Top of Supplied entries
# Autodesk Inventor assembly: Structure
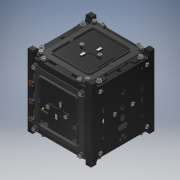
[picture p0: Inventor's stored thumbnail of the model, 180x180]
Saved by Autodesk Inventor 2018 (Build 220112000, 112)
## iProperties
Created: 2019-03-30
Part Number: Structure
Document SubType Name: Assembly
Designer: Bradley
Author: Bradley
## Documents named in this file (18)
- C:\Users\Bradley\Documents\GitHub\CougSat1-Hardware\CougSat1-Structure\CADModel\Imported\Structure.iam
- C:\Users\Bradley\Documents\GitHub\CougSat1-Hardware\CougSat1-Structure\CADModel\Imported\Structure_+X.ipt
- C:\Users\Bradley\Documents\GitHub\CougSat1-Hardware\CougSat1-Structure\CADModel\Imported\Structure_-X.ipt
- C:\Users\Bradley\Documents\GitHub\CougSat1-Hardware\CougSat1-Structure\CADModel\Imported\Structure_Y.ipt
- C:\Users\Bradley\Documents\GitHub\CougSat1-Hardware\CougSat1-Structure\CADModel\Imported\Structure_-Z.ipt
- C:\Users\Bradley\Documents\GitHub\CougSat1-Hardware\CougSat1-Structure\CADModel\Imported\Structure_SolarPanelHeatsink.ipt
- C:\Users\Bradley\Documents\GitHub\CougSat1-Hardware\CougSat1-Structure\CADModel\Imported\Structure_MagnetorquerForm.ipt
- C:\Users\Bradley\Documents\GitHub\Resources\SupplierDocuments\48 - Hardware\48-0361\48-0361.ipt
- C:\Users\Bradley\Documents\GitHub\Resources\SupplierDocuments\48 - Hardware\48-0340\48-0340.ipt
- C:\Users\Bradley\Documents\GitHub\Resources\SupplierDocuments\48 - Hardware\48-0350\48-0350.ipt
- C:\Users\Bradley\Documents\GitHub\Resources\SupplierDocuments\48 - Hardware\48-0300\48-0300.ipt
- C:\Users\Bradley\Documents\GitHub\Resources\SupplierDocuments\48 - Hardware\48-0001\48-0001.ipt
- C:\Users\Bradley\Documents\GitHub\Resources\SupplierDocuments\48 - Hardware\48-0381\48-0381.ipt
- C:\Users\Bradley\Documents\GitHub\Resources\SupplierDocuments\48 - Hardware\48-0362\48-0362.ipt
- C:\Users\Bradley\Documents\GitHub\Resources\SupplierDocuments\48 - Hardware\48-03A1\48-03A1.ipt
- C:\Users\Bradley\Documents\GitHub\Resources\SupplierDocuments\49 - Electromechanical\49-0006\49-0006.ipt
- C:\Users\Bradley\Documents\GitHub\Resources\SupplierDocuments\48 - Hardware\48-0280\48-0280.ipt
- C:\Users\Bradley\Documents\GitHub\CougSat1-Hardware\CougSat1-Payload\CADModel\Imported\Germination.iam
## Components (86 placed, 17 different names)
1. 48-0280:6 — Insert:143
2. 48-0280:5 — Insert:144
3. 48-0280:4 — Insert:145
4. 48-0280:3 — Insert:146
5. 48-0280:2 — Insert:147
6. 48-0280:1 — Insert:148
7. 49-0006:3 — Insert:138, Angle:3, Insert:143
8. 49-0006:2 — Insert:137, Angle:1, Insert:147
9. 49-0006:1 — Insert:139, Angle:2, Insert:145
10. 48-0001:1 — Insert:27
11. 48-0001:2 — Insert:140
12. 48-0300:1 — Insert:29, Insert:159
13. 48-0300:10 — Insert:156
14. 48-0300:11 — Insert:160
15. 48-0300:12 — Insert:54
16. 48-0300:2 — Insert:53
17. 48-0300:3 — Insert:51
18. 48-0300:4 — Insert:52
19. 48-0300:5 — Insert:83, Insert:87
20. 48-0300:6 — Insert:84, Insert:88
21. 48-0300:7 — Insert:85, Insert:90
22. 48-0300:8 — Insert:86, Insert:89
23. 48-0300:9 — Insert:153
24. 48-0340:1 — Insert:77
25. 48-0340:10 — Insert:90
26. 48-0340:2 — Insert:89
27. 48-0340:3 — Insert:78
28. 48-0340:4 — Insert:79
29. 48-0340:5 — Insert:80
30. 48-0340:6 — Insert:81
31. 48-0340:7 — Insert:82
32. 48-0340:8 — Insert:87
33. 48-0340:9 — Insert:88
34. 48-0350:1 — Insert:157
35. 48-0350:2 — Insert:158
36. 48-0350:3 — Insert:161
37. 48-0350:4 — Insert:162
38. 48-0350:5 — Insert:58
39. 48-0350:6 — Insert:57
40. 48-0350:7 — Insert:55
41. 48-0350:8 — Insert:56
42. 48-0362:1 — Insert:91
43. 48-0362:2 — Insert:92
44. 48-0362:3 — Insert:94
45. 48-0362:4 — Insert:93
46. 48-0361:1 — Insert:29
47. 48-0361:2
48. 48-0361:3
49. 48-0361:4
50. 48-0361:5
51. 48-0361:6
52. 48-0361:7
53. 48-0361:8
54. 48-0381:1 — Insert:59
55. 48-0381:18 — Insert:75
56. 48-0381:2 — Insert:60
57. 48-0381:3 — Insert:63
58. 48-0381:4 — Insert:64
59. 48-0381:5 — Insert:61
60. 48-0381:6 — Insert:62
61. 48-0381:7 — Insert:65
62. 48-0381:8 — Insert:66
63. 48-0381:9 — Insert:67
64. 48-0381:10 — Insert:68
65. 48-0381:11 — Insert:69
66. 48-0381:12 — Insert:70
67. 48-0381:13 — Insert:71
68. 48-0381:14 — Insert:72
69. 48-0381:15
70. 48-0381:16
71. 48-0381:17 — Insert:76
72. 48-03A1:1 — Insert:95
73. 48-03A1:2 — Insert:96
74. Structure_+X:1 — Mate:1, Mate:2, Mate:3, Insert:9, Insert:10, Insert:27, Insert:77, Insert:78, Insert:79, Insert:80, Insert:81, Insert:82, Insert:166
75. Structure_-X:1 — Insert:119, Insert:120, Insert:127, Insert:128, Insert:137, Insert:138, Insert:139, Angle:1, Angle:2, Angle:3, Insert:140, Insert:144, Insert:146, Insert:148, Insert:154, Insert:155
76. Structure_-Z:1 — Insert:9, Insert:10, Insert:51, Insert:52, Insert:53, Insert:54, Insert:55, Insert:56, Insert:57, Insert:58, Insert:83, Insert:84, Insert:85, Insert:86
77. Structure_MagnetorquerForm:1 — Insert:59, Insert:60, Insert:63, Insert:64, Insert:117, Insert:118
78. Structure_MagnetorquerForm:2 — Insert:91, Insert:92, Insert:93, Insert:94, Insert:119, Insert:120
79. Structure_MagnetorquerForm:3 — Insert:71, Insert:72, Insert:75, Insert:76, Insert:169, Insert:170
80. Structure_MagnetorquerForm:4 — Insert:65, Insert:66, Insert:69, Insert:70, Insert:121, Insert:122
81. Structure_SolarPanelHeatsink:2 — Insert:61, Insert:62, Insert:125, Insert:126
82. Structure_SolarPanelHeatsink:3 — Insert:95, Insert:96, Insert:127, Insert:128
83. Structure_SolarPanelHeatsink:4 — Insert:67, Insert:68, Insert:123, Insert:124
84. Structure_Y:1 — Insert:117, Insert:118, Insert:125, Insert:126, Insert:167, Insert:168
85. Structure_Y:2 — Insert:121, Insert:122, Insert:123, Insert:124, Insert:163
86. Germination:1 [sub-assembly] — Insert:153, Insert:154, Insert:155, Insert:156, Insert:157, Insert:158, Insert:159, Insert:160, Insert:161, Insert:162, Insert:163, Insert:166, Insert:167, Insert:168, Insert:169, Insert:170
## Relationships (103: Insert 97, Mate 3, Angle 3)
- Mate:1 (50 mm): Structure_+X:1
- Mate:2 (-49 mm): Structure_+X:1
- Mate:3 (50 mm): Structure_+X:1
- Insert:9: Structure_+X:1 ↔ Structure_-Z:1
- Insert:10: Structure_+X:1 ↔ Structure_-Z:1
- Insert:27: 48-0001:1 ↔ Structure_+X:1
- Insert:29: 48-0300:1 ↔ 48-0361:1
- [Insert]: 48-0300:9 ↔ 48-0361:5
- [Insert]: 48-0300:10 ↔ 48-0361:6
- [Insert]: 48-0300:11 ↔ 48-0361:7
- [Insert]: 48-0300:12 ↔ 48-0361:8
- [Insert]: 48-0300:2 ↔ 48-0361:2
- [Insert]: 48-0300:3 ↔ 48-0361:3
- [Insert]: 48-0300:4 ↔ 48-0361:4
- Insert:51: 48-0300:3 ↔ Structure_-Z:1
- Insert:52: 48-0300:4 ↔ Structure_-Z:1
- Insert:53: 48-0300:2 ↔ Structure_-Z:1
- Insert:54: 48-0300:12 ↔ Structure_-Z:1
- Insert:55: 48-0350:7 ↔ Structure_-Z:1
- Insert:56: 48-0350:8 ↔ Structure_-Z:1
- Insert:57: 48-0350:6 ↔ Structure_-Z:1
- Insert:58: 48-0350:5 ↔ Structure_-Z:1
- Insert:59 (1 mm): 48-0381:1 ↔ Structure_MagnetorquerForm:1
- Insert:60 (1 mm): 48-0381:2 ↔ Structure_MagnetorquerForm:1
- Insert:61 (1 mm): 48-0381:5 ↔ Structure_SolarPanelHeatsink:2
- Insert:62 (1 mm): 48-0381:6 ↔ Structure_SolarPanelHeatsink:2
- Insert:63 (1 mm): 48-0381:3 ↔ Structure_MagnetorquerForm:1
- Insert:64 (1 mm): 48-0381:4 ↔ Structure_MagnetorquerForm:1
- Insert:65 (1 mm): 48-0381:7 ↔ Structure_MagnetorquerForm:4
- Insert:66 (1 mm): 48-0381:8 ↔ Structure_MagnetorquerForm:4
- Insert:67 (1 mm): 48-0381:9 ↔ Structure_SolarPanelHeatsink:4
- Insert:68 (1 mm): 48-0381:10 ↔ Structure_SolarPanelHeatsink:4
- Insert:69 (1 mm): 48-0381:11 ↔ Structure_MagnetorquerForm:4
- Insert:70 (1 mm): 48-0381:12 ↔ Structure_MagnetorquerForm:4
- Insert:71 (1 mm): 48-0381:13 ↔ Structure_MagnetorquerForm:3
- Insert:72 (1 mm): 48-0381:14 ↔ Structure_MagnetorquerForm:3
- Insert:75 (1 mm): 48-0381:18 ↔ Structure_MagnetorquerForm:3
- Insert:76 (1 mm): 48-0381:17 ↔ Structure_MagnetorquerForm:3
- Insert:77 (1 mm): 48-0340:1 ↔ Structure_+X:1
- Insert:78 (1 mm): 48-0340:3 ↔ Structure_+X:1
- Insert:79 (1 mm): 48-0340:4 ↔ Structure_+X:1
- Insert:80 (1 mm): 48-0340:5 ↔ Structure_+X:1
- Insert:81 (1 mm): 48-0340:6 ↔ Structure_+X:1
- Insert:82 (1 mm): 48-0340:7 ↔ Structure_+X:1
- Insert:83: 48-0300:5 ↔ Structure_-Z:1
- Insert:84: 48-0300:6 ↔ Structure_-Z:1
- Insert:85: 48-0300:7 ↔ Structure_-Z:1
- Insert:86: 48-0300:8 ↔ Structure_-Z:1
- Insert:87 (1 mm): 48-0300:5 ↔ 48-0340:8
- Insert:88 (1 mm): 48-0300:6 ↔ 48-0340:9
- Insert:89 (1 mm): 48-0300:8 ↔ 48-0340:2
- Insert:90 (1 mm): 48-0300:7 ↔ 48-0340:10
- Insert:91 (1 mm): 48-0362:1 ↔ Structure_MagnetorquerForm:2
- Insert:92 (1 mm): 48-0362:2 ↔ Structure_MagnetorquerForm:2
- Insert:93 (1 mm): 48-0362:4 ↔ Structure_MagnetorquerForm:2
- Insert:94 (1 mm): 48-0362:3 ↔ Structure_MagnetorquerForm:2
- Insert:95 (1 mm): 48-03A1:1 ↔ Structure_SolarPanelHeatsink:3
- Insert:96 (1 mm): 48-03A1:2 ↔ Structure_SolarPanelHeatsink:3
- Insert:117: Structure_MagnetorquerForm:1 ↔ Structure_Y:1
- Insert:118: Structure_MagnetorquerForm:1 ↔ Structure_Y:1
- Insert:119: Structure_-X:1 ↔ Structure_MagnetorquerForm:2
- Insert:120: Structure_-X:1 ↔ Structure_MagnetorquerForm:2
- Insert:121: Structure_MagnetorquerForm:4 ↔ Structure_Y:2
- Insert:122: Structure_MagnetorquerForm:4 ↔ Structure_Y:2
- Insert:123: Structure_SolarPanelHeatsink:4 ↔ Structure_Y:2
- Insert:124: Structure_SolarPanelHeatsink:4 ↔ Structure_Y:2
- Insert:125: Structure_SolarPanelHeatsink:2 ↔ Structure_Y:1
- Insert:126: Structure_SolarPanelHeatsink:2 ↔ Structure_Y:1
- Insert:127: Structure_-X:1 ↔ Structure_SolarPanelHeatsink:3
- Insert:128: Structure_-X:1 ↔ Structure_SolarPanelHeatsink:3
- Insert:137: 49-0006:2 ↔ Structure_-X:1
- Insert:138: 49-0006:3 ↔ Structure_-X:1
- Insert:139: 49-0006:1 ↔ Structure_-X:1
- Angle:1 (0 deg): 49-0006:2 ↔ Structure_-X:1
- Angle:2 (0 deg): 49-0006:1 ↔ Structure_-X:1
- Angle:3 (0 deg): 49-0006:3 ↔ Structure_-X:1
- Insert:140: 48-0001:2 ↔ Structure_-X:1
- [Insert] (1 mm): 48-0381:16 ↔ Germination:1
- [Insert] (1 mm): 48-0381:15 ↔ Germination:1
- Insert:143: 48-0280:6 ↔ 49-0006:3
- Insert:144 (6.4 mm): 48-0280:5 ↔ Structure_-X:1
- Insert:145: 48-0280:4 ↔ 49-0006:1
- Insert:146 (6.4 mm): 48-0280:3 ↔ Structure_-X:1
- Insert:147: 48-0280:2 ↔ 49-0006:2
- Insert:148 (6.4 mm): 48-0280:1 ↔ Structure_-X:1
- Insert:153: 48-0300:9 ↔ Germination:1
- Insert:154: Structure_-X:1 ↔ Germination:1
- Insert:155: Structure_-X:1 ↔ Germination:1
- Insert:156: 48-0300:10 ↔ Germination:1
- Insert:157: 48-0350:1 ↔ Germination:1
- Insert:158: 48-0350:2 ↔ Germination:1
- Insert:159: 48-0300:1 ↔ Germination:1
- Insert:160: 48-0300:11 ↔ Germination:1
- Insert:161: 48-0350:3 ↔ Germination:1
- Insert:162: 48-0350:4 ↔ Germination:1
- Insert:163: Structure_Y:2 ↔ Germination:1
- [Insert]: Structure_Y:2 ↔ Germination:1
- [Insert]: Structure_+X:1 ↔ Germination:1
- Insert:166: Structure_+X:1 ↔ Germination:1
- Insert:167: Structure_Y:1 ↔ Germination:1
- Insert:168: Structure_Y:1 ↔ Germination:1
- Insert:169: Structure_MagnetorquerForm:3 ↔ Germination:1
- Insert:170: Structure_MagnetorquerForm:3 ↔ Germination:1
## Named parameters: d36_d32 = 0 mm, d37_d32 = 0 mm, d40_d32 = 0 mm, d52_d32 = 0 mm, d53_d32 = 0 mm, d54_d32 = 0 mm, d55_d32 = 0 mm, SolarPanelThickness = 1 mm, PXThickness = 1 mm, NZThickness = 1 mm
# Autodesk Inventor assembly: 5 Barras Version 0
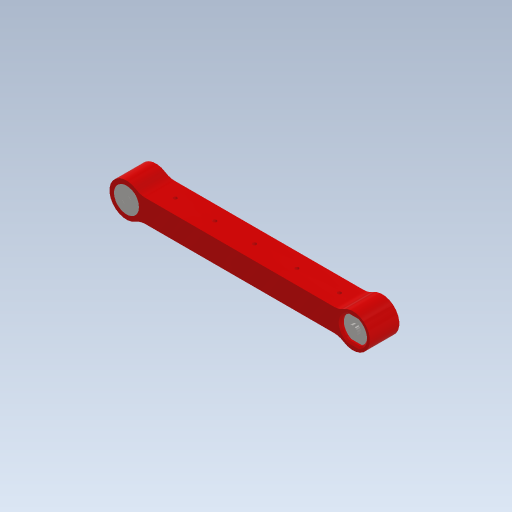
[picture p0: Inventor's stored thumbnail of the model, 512x512]
Saved by Autodesk Inventor 2024.2 (Build 282272000, 272)
## iProperties
Created: 2025-02-06
Part Number: 5 Barras Version 0
Document SubType Name: Assembly
Designer: jp.reyesf
Mass: 262.653 g
Surface Area: 368.793 cm^2
Volume: 121.736 cm^3
Density: 2.15757 g/cm^3
Author: jp.reyesf
## Documents named in this file (7)
- C:\Users\jp.reyesf\Desktop\Master-Thesis\five_bar\assets\CAD\Robot\Subassemblies\Distal Link 1.iam
- C:\Users\jp.reyesf\Desktop\Master-Thesis\five_bar\assets\CAD\Robot\Distal Link 2.ipt
- C:\Users\jp.reyesf\Desktop\Master-Thesis\five_bar\assets\CAD\Robot\Spacer.ipt
- C:\Users\jp.reyesf\Desktop\Master-Thesis\five_bar\assets\CAD\Robot\Bearing.ipt
- C:\Users\jp.reyesf\Desktop\Master-Thesis\five_bar\assets\CAD\Robot\separator.ipt
- C:\Users\jp.reyesf\Desktop\Master-Thesis\five_bar\assets\CAD\Robot\rod.ipt
- C:\Users\jp.reyesf\Desktop\Master-Thesis\five_bar\assets\CAD\Robot\Subassemblies\DummyBar.ipt
## Components (11 placed, 6 different names)
1. Distal Link 2:1 — Mate:33, Mate:34, Flush:8, Mate:53, Mate:55, Angle:1, Flush:9, Mate:56, Mate:57, Mate:58, Flush:10, Flush:11, Flush:12, Flush:13
2. Spacer:1 — Mate:6, Mate:7, Mate:8, Mate:9, Mate:33
3. Bearing:1 — Mate:6, Mate:8
4. separator:3 — Mate:54, Mate:56
5. Bearing:3 — Mate:7, Mate:9, Flush:12
6. Spacer:3 — Mate:34
7. Bearing:6 — Flush:13
8. Bearing:7
9. rod:2 — Flush:8, Mate:53, Mate:54
10. DummyBar:1 — Mate:57, Flush:11
11. DummyBar:2 — Mate:58, Flush:10
## Relationships (23: Mate 16, Flush 6, Angle 1)
- Mate:6: Spacer:1 ↔ Bearing:1
- Mate:7: Spacer:1 ↔ Bearing:3
- Mate:8: Spacer:1 ↔ Bearing:1
- Mate:9: Spacer:1 ↔ Bearing:3
- [Mate]: Spacer:3 ↔ Bearing:6
- [Mate]: Spacer:3 ↔ Bearing:7
- [Mate]: Spacer:3 ↔ Bearing:6
- [Mate]: Spacer:3 ↔ Bearing:7
- Mate:33: Distal Link 2:1 ↔ Spacer:1
- Mate:34: Distal Link 2:1 ↔ Spacer:3
- Flush:8: Distal Link 2:1 ↔ rod:2
- Mate:53: Distal Link 2:1 ↔ rod:2
- Mate:54: separator:3 ↔ rod:2
- Mate:55: Distal Link 2:1
- Angle:1 (180 deg): Distal Link 2:1
- Flush:9: Distal Link 2:1
- Mate:56: Distal Link 2:1 ↔ separator:3
- Mate:57: Distal Link 2:1 ↔ DummyBar:1
- Mate:58: Distal Link 2:1 ↔ DummyBar:2
- Flush:10: Distal Link 2:1 ↔ DummyBar:2
- Flush:11: Distal Link 2:1 ↔ DummyBar:1
- Flush:12: Distal Link 2:1 ↔ Bearing:3
- Flush:13: Distal Link 2:1 ↔ Bearing:6
## Named parameters: d22_d14 = 0 mm, d23_d15 = 0 mm, d24_d16 = 0 mm, d25_d17 = 0 mm
Bottom of Supplied entries
Work task – Scan the records for the string "names". Copy each line in which it appears.

Output of the exercise –
## Components (86 placed, 17 different names)
## Components (11 placed, 6 different names)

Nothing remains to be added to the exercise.